Veblen hierarchy: Difference between revisions

The Veblen hierarchy is a sequence of ordinal-indexed functions \( \varphi_\alpha: \mathrm{Ord} \to \mathrm{Ord} \) which extend Cantor normal form by beginning with the base function \( \alpha \mapsto \omega^\alpha \) and iteratively taking fixed points at each next step. Formally, letting \( \mathrm{AP} := \{\omega^\alpha: \alpha \in \mathrm{Ord}\} \), we can define \( \varphi_\alpha(\beta) := \min\{\zeta \in \mathrm{AP}: \forall \gamma ((\gamma < \alpha \rightarrow \varphi_\gamma(\zeta) = \zeta) \land (\gamma < \beta \rightarrow \varphi_\alpha(\gamma) < \zeta))\} \). This is a definition by transfinite recursion, and is well-defined by the transfinite recursion theorem. Analogously to Cantor normal form, every ordinal can be written in its Veblen normal form, as a sum \( \varphi_{\alpha_1}(\beta_1) + \varphi_{\alpha_2}(\beta_2) + \cdots + \varphi_{\alpha_n}(\beta_n) \). Like how the limit of hereditary CNF is \( \varepsilon_0 = \varphi_1(0) \), the limit of hereditary of hereditary VNF is known as \( \Gamma_0 \). Ordinals beyond \( \Gamma_0 \) can either be written using a variadic extension of the Veblen hierarchy, or using ordinal collapsing functions.

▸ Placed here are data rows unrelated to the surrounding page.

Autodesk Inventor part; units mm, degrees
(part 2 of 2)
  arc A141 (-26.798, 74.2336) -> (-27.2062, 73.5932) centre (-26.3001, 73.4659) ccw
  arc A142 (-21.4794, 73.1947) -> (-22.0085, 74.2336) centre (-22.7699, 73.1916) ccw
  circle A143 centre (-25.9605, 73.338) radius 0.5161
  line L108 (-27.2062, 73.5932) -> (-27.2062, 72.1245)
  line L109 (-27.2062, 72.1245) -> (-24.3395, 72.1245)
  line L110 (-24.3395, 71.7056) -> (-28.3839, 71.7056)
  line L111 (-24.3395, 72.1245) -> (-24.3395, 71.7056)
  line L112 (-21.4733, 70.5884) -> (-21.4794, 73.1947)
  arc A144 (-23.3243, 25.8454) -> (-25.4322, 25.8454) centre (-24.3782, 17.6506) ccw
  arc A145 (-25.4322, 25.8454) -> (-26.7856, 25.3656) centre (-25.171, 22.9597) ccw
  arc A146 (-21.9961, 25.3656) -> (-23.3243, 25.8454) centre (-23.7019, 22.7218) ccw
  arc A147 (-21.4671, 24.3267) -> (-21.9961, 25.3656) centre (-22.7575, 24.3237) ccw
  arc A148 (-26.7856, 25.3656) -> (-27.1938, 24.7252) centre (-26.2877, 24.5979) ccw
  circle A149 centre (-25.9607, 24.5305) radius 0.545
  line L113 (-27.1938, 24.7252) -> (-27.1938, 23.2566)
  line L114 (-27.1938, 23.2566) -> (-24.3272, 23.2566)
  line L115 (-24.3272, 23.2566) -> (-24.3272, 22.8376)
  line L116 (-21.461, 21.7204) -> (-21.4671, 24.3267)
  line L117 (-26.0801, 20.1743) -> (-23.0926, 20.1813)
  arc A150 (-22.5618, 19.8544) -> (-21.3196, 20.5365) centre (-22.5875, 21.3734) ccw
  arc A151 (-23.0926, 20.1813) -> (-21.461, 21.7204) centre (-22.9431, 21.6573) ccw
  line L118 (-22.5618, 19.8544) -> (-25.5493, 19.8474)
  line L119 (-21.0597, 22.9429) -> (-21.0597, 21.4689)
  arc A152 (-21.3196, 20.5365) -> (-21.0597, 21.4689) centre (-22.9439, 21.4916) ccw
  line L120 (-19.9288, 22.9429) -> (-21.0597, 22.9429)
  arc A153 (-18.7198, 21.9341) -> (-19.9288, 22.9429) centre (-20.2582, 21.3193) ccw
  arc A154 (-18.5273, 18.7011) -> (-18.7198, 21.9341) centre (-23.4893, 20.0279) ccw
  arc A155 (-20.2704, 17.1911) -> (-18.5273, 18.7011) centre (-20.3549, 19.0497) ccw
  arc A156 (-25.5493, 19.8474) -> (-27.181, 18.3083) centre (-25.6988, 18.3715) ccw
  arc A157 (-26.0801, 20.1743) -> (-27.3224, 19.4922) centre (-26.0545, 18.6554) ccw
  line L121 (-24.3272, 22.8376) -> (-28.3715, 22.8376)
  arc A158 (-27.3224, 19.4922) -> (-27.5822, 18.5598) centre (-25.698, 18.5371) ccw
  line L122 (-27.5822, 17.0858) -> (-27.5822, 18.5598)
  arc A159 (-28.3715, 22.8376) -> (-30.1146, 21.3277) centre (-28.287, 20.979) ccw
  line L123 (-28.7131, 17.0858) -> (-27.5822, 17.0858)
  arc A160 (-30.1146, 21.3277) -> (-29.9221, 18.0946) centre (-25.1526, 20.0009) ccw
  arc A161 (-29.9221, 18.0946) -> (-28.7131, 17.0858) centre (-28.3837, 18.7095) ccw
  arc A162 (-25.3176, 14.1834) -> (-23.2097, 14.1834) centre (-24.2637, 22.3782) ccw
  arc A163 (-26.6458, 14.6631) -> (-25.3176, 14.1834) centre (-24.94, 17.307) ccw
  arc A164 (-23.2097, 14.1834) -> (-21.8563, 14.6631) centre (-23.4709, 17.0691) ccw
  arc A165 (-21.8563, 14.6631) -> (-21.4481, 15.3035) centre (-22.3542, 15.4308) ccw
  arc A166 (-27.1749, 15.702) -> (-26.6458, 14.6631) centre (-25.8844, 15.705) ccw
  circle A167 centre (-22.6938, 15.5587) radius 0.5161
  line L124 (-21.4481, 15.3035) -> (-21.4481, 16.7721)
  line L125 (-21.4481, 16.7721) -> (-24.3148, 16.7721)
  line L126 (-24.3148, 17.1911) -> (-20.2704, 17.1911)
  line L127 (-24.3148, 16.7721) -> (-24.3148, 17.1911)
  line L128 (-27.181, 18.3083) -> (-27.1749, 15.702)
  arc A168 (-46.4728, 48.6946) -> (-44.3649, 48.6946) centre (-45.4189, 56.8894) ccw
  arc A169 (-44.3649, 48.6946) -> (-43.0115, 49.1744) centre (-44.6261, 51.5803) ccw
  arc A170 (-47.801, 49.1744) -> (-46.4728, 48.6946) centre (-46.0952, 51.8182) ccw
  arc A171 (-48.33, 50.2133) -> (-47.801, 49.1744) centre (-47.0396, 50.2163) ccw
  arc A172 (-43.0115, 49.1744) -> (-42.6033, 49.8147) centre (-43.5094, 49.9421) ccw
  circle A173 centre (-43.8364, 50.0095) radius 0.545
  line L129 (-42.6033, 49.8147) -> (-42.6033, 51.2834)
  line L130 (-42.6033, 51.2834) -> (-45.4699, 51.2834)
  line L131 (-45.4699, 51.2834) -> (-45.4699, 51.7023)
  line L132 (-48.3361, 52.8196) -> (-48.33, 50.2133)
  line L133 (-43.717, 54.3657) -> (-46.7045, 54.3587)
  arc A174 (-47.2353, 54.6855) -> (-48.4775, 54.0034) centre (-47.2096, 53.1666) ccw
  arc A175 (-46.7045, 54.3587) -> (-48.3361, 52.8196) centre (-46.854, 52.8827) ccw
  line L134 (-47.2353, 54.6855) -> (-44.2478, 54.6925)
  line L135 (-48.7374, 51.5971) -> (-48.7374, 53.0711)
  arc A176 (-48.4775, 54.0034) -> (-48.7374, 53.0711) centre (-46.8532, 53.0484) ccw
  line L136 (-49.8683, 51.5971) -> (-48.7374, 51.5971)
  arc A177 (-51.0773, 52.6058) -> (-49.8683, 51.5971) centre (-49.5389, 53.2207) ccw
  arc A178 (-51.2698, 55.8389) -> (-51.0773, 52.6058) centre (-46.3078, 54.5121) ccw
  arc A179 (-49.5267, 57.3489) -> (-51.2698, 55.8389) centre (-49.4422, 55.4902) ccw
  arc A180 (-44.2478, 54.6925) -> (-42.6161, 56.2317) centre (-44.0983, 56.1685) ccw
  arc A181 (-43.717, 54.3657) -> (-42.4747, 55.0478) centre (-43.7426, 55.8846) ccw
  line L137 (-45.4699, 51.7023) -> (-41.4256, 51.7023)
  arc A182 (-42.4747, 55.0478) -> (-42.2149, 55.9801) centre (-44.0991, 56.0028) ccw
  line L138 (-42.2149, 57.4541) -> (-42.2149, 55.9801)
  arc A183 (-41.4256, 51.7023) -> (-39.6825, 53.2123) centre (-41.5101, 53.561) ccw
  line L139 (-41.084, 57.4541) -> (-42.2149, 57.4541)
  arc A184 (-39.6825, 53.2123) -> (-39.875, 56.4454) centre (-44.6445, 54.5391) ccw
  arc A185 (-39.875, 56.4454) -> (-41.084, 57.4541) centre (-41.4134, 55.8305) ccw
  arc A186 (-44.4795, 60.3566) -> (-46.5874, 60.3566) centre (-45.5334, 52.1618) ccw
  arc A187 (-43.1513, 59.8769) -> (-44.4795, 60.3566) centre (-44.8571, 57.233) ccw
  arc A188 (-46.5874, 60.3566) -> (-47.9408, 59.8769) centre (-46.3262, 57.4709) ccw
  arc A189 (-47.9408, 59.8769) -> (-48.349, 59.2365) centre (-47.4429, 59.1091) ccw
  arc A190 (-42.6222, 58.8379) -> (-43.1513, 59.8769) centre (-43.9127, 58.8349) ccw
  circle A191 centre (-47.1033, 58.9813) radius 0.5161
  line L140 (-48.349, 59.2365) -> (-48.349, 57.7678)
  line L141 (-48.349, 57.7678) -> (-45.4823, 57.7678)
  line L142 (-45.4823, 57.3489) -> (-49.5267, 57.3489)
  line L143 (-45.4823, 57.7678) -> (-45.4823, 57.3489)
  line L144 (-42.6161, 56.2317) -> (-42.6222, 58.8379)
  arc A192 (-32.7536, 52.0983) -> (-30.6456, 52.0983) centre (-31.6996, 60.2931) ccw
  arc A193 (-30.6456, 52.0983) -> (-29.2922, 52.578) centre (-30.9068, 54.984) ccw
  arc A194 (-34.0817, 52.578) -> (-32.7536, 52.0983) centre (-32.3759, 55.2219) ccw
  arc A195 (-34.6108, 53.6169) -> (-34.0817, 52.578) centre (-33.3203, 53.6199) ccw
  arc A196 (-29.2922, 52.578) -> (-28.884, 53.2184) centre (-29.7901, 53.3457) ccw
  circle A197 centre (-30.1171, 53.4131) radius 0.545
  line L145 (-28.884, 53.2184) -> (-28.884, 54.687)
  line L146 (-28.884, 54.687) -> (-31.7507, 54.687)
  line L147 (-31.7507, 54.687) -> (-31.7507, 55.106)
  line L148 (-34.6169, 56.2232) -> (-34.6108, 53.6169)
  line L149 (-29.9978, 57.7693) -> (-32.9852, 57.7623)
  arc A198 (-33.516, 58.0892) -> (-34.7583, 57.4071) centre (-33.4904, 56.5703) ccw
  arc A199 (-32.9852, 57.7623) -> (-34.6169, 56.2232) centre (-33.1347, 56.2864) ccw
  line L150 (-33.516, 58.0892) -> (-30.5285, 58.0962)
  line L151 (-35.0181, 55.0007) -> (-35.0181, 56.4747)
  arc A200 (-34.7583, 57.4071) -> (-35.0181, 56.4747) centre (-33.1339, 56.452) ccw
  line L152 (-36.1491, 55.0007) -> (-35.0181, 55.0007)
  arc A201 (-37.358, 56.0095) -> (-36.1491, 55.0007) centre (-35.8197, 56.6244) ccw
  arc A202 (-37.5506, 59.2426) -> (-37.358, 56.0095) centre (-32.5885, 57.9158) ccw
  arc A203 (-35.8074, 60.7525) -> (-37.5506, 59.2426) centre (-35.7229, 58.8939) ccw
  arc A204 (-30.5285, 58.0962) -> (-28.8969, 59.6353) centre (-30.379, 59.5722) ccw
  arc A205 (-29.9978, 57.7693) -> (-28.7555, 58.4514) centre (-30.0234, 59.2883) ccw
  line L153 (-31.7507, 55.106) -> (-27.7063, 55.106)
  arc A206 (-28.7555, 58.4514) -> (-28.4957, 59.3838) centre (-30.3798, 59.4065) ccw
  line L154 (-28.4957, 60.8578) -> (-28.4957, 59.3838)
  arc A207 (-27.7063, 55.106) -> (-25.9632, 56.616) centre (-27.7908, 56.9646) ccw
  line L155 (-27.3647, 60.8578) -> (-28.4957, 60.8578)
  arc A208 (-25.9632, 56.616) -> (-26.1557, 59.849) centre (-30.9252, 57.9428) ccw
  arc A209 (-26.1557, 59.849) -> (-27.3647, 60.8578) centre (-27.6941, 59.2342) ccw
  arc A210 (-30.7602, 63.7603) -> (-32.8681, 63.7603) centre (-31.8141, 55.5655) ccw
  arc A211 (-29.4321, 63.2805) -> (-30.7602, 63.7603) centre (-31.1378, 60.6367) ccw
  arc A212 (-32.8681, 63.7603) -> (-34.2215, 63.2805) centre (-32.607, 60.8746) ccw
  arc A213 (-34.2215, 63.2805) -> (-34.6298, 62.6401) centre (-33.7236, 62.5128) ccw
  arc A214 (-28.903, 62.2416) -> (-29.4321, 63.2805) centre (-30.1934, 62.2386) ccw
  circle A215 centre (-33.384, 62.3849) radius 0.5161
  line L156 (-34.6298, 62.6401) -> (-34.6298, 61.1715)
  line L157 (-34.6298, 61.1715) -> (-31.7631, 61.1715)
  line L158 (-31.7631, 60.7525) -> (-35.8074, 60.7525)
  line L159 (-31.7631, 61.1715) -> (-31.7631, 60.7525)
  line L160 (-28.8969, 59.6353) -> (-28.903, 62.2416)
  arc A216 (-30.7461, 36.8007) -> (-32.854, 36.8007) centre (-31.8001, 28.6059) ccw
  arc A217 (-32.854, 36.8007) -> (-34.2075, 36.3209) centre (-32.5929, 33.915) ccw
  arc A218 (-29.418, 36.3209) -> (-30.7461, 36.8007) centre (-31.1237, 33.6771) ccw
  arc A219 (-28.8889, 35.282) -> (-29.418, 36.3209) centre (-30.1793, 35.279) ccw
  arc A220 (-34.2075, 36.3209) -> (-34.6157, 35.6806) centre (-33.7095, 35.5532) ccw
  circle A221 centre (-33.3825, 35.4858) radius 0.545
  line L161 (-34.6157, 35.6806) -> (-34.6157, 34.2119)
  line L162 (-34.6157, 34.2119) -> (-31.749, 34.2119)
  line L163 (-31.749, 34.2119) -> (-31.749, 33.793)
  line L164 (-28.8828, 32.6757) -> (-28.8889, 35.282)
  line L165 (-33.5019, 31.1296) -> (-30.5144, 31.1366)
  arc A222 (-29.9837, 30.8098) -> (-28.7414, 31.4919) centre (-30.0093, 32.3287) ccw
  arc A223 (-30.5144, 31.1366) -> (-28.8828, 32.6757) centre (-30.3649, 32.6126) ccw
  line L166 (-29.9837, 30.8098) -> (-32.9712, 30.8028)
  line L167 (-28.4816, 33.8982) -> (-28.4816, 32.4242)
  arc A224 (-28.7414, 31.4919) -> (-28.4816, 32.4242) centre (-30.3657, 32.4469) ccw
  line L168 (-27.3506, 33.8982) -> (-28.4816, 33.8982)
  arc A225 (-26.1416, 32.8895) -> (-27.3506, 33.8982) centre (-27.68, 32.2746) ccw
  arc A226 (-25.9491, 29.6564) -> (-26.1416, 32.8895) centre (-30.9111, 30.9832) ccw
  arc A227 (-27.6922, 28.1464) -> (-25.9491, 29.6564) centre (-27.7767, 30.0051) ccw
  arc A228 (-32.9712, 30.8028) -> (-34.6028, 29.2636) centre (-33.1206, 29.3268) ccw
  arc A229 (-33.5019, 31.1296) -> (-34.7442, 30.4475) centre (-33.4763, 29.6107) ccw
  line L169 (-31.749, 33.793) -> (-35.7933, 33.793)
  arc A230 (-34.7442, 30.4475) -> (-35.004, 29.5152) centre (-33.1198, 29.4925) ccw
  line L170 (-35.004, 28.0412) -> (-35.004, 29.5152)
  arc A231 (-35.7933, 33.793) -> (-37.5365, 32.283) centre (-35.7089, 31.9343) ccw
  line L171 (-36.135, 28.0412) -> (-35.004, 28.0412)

The first stage of the Veblen hierarchy is just the function \( \alpha \mapsto \omega^\alpha \). Then the next stage, \( \varphi_1(\beta) \) (alternatively written \( \varphi(1,\beta) \)) enumerates the fixed points of the first stage - these are just the epsilon numbers. This continues to the zeta numbers, followed by the eta numbers, although this convention is rare. At the \( \omega \)th stage, since \( \omega - 1 \) doesn't exist, instead \( \varphi(\omega,\beta) \) enumerates the ordinals that are simultaneous fixed points of \( \alpha \mapsto \varphi(n,\beta) \) for all \( n < \omega \).